Table 1. Digital Hot-Swap IC Comparison
LTC4215 ADM1175 MAX5961 MAX5970
ADC Resolution (bits) 2 12 10 10
Conversion Rate (Hz) 10 Not Specified 10k 10k
Automatic or Polled? Auto Polled Auto Auto
History "Depth" 1 sample 1 sample 50 samples 50 samples
INL 0.2 LSB, 0.5 LSB Not Specified 0.5 LSB 0.5 LSB
Full-Scale Error (voltage, current) ±5.5 LSB, ±5.0 LSB ±60.0 LSB, ±100.0 LSB ±10 LSB, ±30.0 LSB ±10 LSB, ±30.0 LSB
Interface I²C/SMBus™ I²C I²C/SMBus I²C/SMBus
High-Speed Voltage (min, max) 2.9V, 15V 3.15V, 13.2V 0V, 16V 0V, 16V
GATE Pullup Current (µA) 20 12 5 5
GATE Pulldown Current, Normal (mA) 1 2 500 500
Slow-Trip Circuit-Breaker Threshold (mV) 25 85 12.5, 25, 50 (and 8-bit programmable) 12.5, 25, 50 (and 8-bit programmable)
Fast-Trip Circuit-Breaker Threshold 115mV 125%, 150%, 175%, 200% of programmed slow trip 125%, 150%, 175%, 200% of programmed slow trip
Load UV Protection Analog 2 each, 10-bit programmable 2 each, 10-bit programmable
Load OV Protection 2 each, 10-bit programmable 2 each, 10-bit programmable

The embedded ADC in these devices gives the hot-swap controller IC the extended ability to monitor and report the power-supply states and other vital signs at the instant that the fault occurs.

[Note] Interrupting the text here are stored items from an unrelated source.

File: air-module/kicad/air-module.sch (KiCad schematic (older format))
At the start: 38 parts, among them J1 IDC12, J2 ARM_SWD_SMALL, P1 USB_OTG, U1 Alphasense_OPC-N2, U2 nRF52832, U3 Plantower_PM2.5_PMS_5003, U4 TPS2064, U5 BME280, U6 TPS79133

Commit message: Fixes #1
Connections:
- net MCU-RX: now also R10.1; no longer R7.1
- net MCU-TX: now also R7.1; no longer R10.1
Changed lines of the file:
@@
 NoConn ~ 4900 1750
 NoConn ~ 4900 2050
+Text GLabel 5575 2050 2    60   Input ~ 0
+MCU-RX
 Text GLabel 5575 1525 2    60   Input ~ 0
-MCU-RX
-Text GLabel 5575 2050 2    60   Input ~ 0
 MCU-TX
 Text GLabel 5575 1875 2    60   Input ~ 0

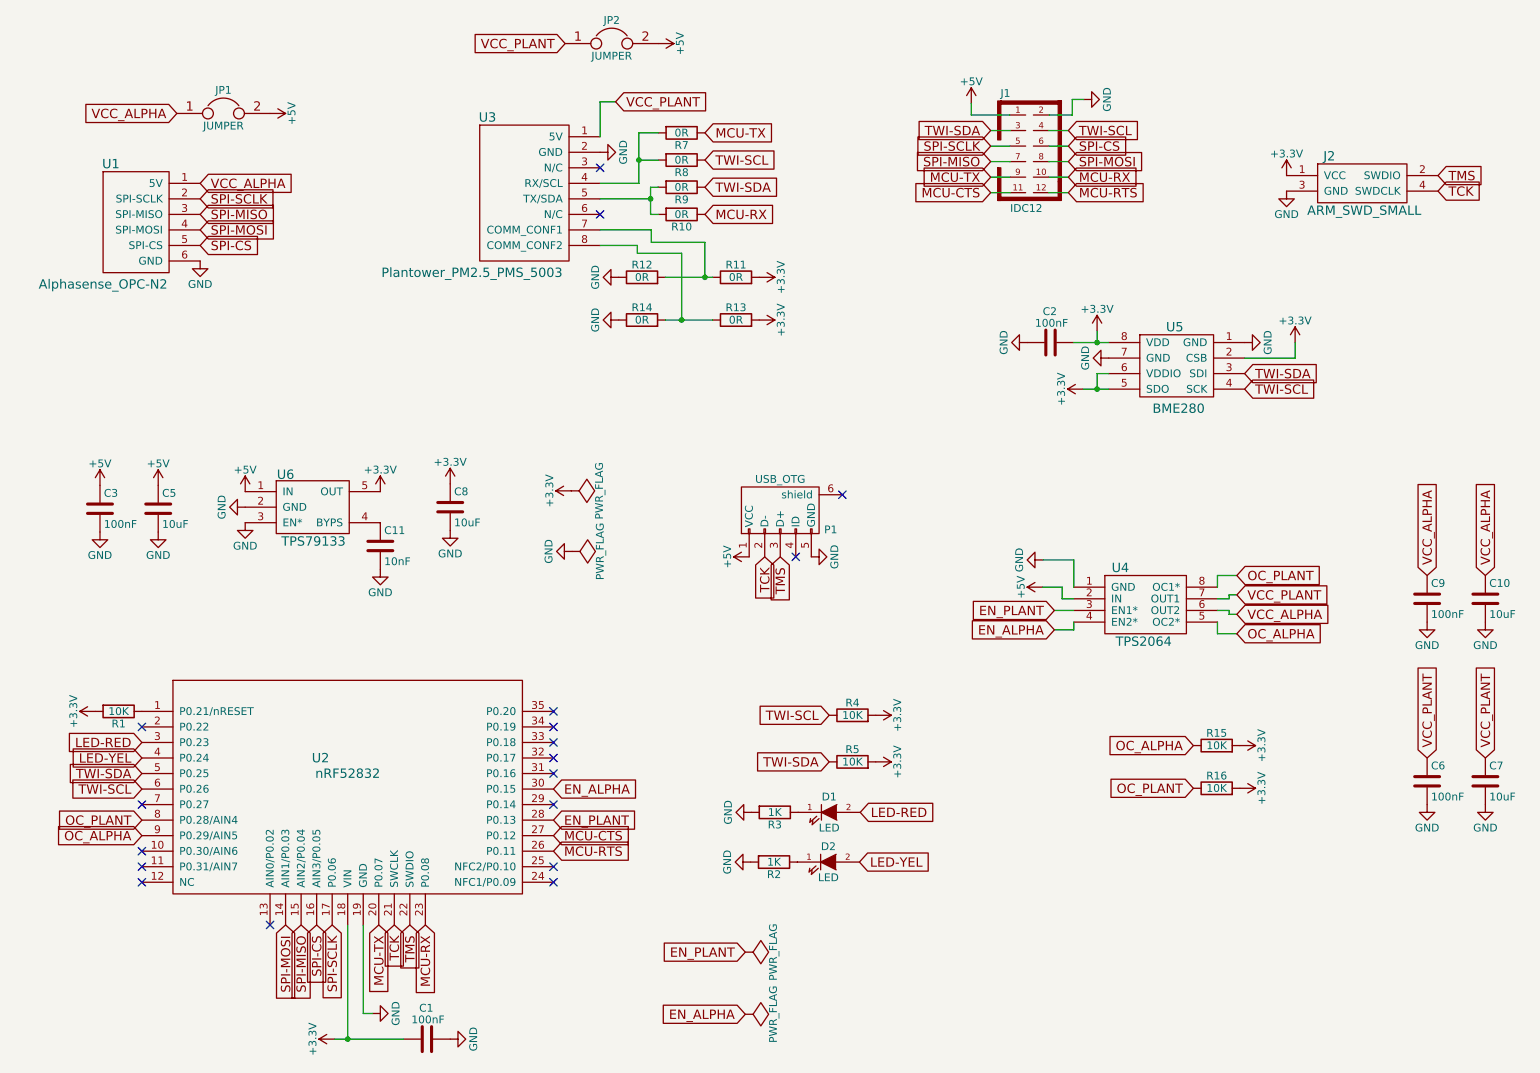
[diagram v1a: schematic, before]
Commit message: Air Module PCB update, Fixes #4, Fixes #5, Fixes #6, Fixes #7, Fixes #8
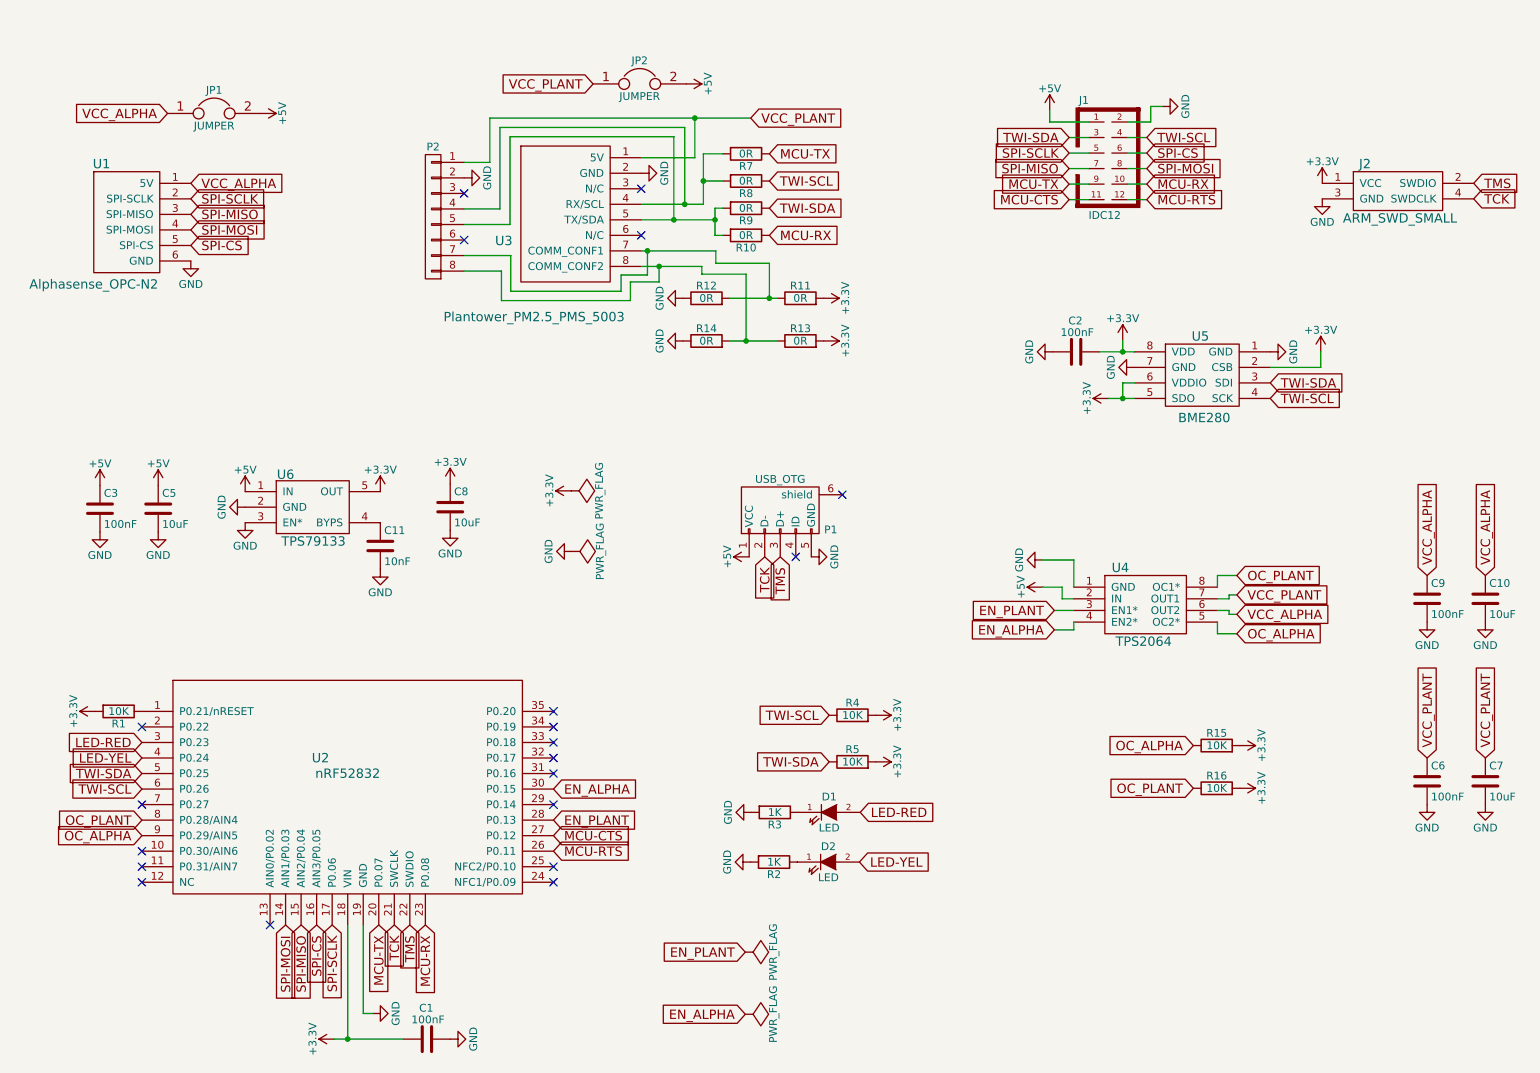
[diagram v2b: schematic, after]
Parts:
- added P2: CONN_01X08, Molex-53047-0810:Molex-53047-0810, symbol CONN_01X08
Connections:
- net GND: now also P2.2 (P2)
- net VCC_PLANT: now also P2.1 (P1)
- net at R7.2, R8.2, U3.4 (RX/SCL): now also P2.4 (P4)
- net at R10.2, R9.2, U3.5 (TX/SDA): now also P2.5 (P5)
- net at R11.1, R12.2, U3.7 (COMM_CONF1): now also P2.7 (P7)
- net at R13.1, R14.2, U3.8 (COMM_CONF2): now also P2.8 (P8)
- no-connect marks 18 -> 20
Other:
- moved on the sheet: C2, J1, J2, JP1, JP2, R10, R11, R12, R13, R14, R7, R8

The MAX5961 also stores several milliseconds of past voltage and current measurements. This data can be used to ease system debugging and failure analysis later.

The integrated ADC has also created opportunities for OEMs to become more creative with their products. One can observe an increase in value-added features for advanced board management:
  • Information gathering: a designer can use a system's vital data collected today to build a next-generation system with optimized efficiencies.
  • Constant monitoring: during normal operation of these high availability systems, there could be a desire to log certain "vital statistics" of the power levels of the card through a constant monitoring of the power temperature levels. This can be used later for "predicting certain specific faults."
  • Power budget: by reading past and current fault conditions, one can ensure that no embedded card is using more than its share of the total power budget. This monitoring will facilitate early identification of abnormal operating conditions and help mitigate, or eliminate, any effects on the rest of the system.

The I²C Link to the System Microprocessor

The controller's I²C interface is used by card's microprocessor to collect the vital statistics mentioned above. Through this interface the controller is configured to behave, latch off, or restart continuously; it is how a problem card is identified early on by the system's management firmware. This interface is essentially the chassis's warning display to the service technician. It serves much like the service-engine-soon light seen on the dashboard of a car.

Conclusions

Hot-swapping PC boards in high-availability systems is an inevitable necessity. Nonetheless, tracing a PC board malfunction caused by inrush current after an insertion event is a very challenging task. Understanding the malfunction, or preferably preventing one, is complicated by any patchwork hot-swap solutions that inevitably create a more negative impact on the system's long-term performance than the engineer can ever imagine.

Today's highly integrated hot-swap solutions will ensure that a hot-plug event in a system does not cause data-transmission errors or resetting of the cards already in the system. These solutions will help sustain a system's long-term reliability. In the end, the goal is all about meeting and exceeding the 5-NINEs.



References
¹Maxim application note 1785, "Flexible Hot-Swap Current Limiter Allows Thermal Protection."